◆ EXERCISE GOAL
You are asked to filter the data below and copy every line holding "Transfer".
*** ENTRIES SHOWN ***
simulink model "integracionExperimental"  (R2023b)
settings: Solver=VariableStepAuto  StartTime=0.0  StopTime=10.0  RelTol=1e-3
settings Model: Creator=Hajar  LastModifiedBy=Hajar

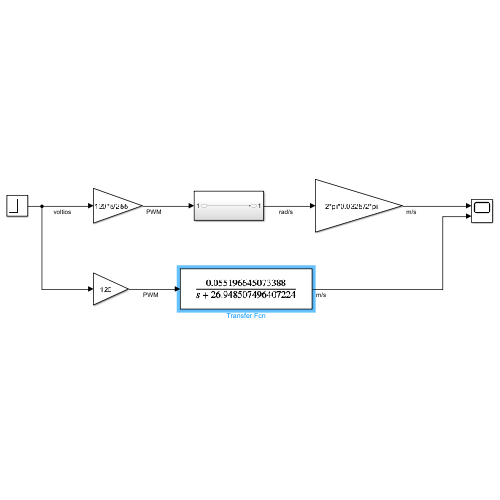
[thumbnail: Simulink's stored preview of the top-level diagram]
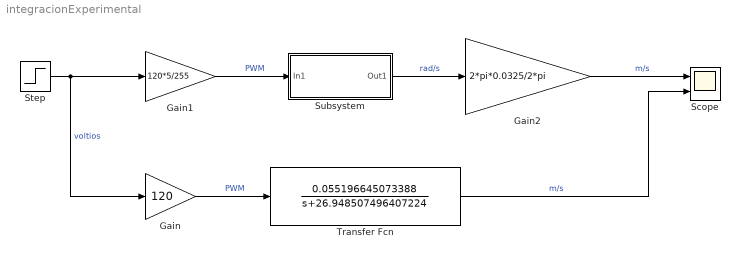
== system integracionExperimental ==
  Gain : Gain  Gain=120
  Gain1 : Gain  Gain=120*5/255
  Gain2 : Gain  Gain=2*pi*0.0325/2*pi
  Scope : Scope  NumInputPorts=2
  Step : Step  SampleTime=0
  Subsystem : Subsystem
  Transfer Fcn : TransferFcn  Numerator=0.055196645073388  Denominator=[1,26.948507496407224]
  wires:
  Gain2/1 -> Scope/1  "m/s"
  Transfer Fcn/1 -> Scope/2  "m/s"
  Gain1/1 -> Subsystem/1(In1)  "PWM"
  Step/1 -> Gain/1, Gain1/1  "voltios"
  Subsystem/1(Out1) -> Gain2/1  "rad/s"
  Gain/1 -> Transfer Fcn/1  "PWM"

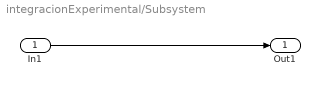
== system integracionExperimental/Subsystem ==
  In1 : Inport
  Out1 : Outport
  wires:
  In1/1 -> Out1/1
*** End of ENTRIES SHOWN ***
◆ YOUR RESPONSE
  Transfer Fcn : TransferFcn  Numerator=0.055196645073388  Denominator=[1,26.948507496407224]
  Transfer Fcn/1 -> Scope/2  "m/s"
  Gain/1 -> Transfer Fcn/1  "PWM"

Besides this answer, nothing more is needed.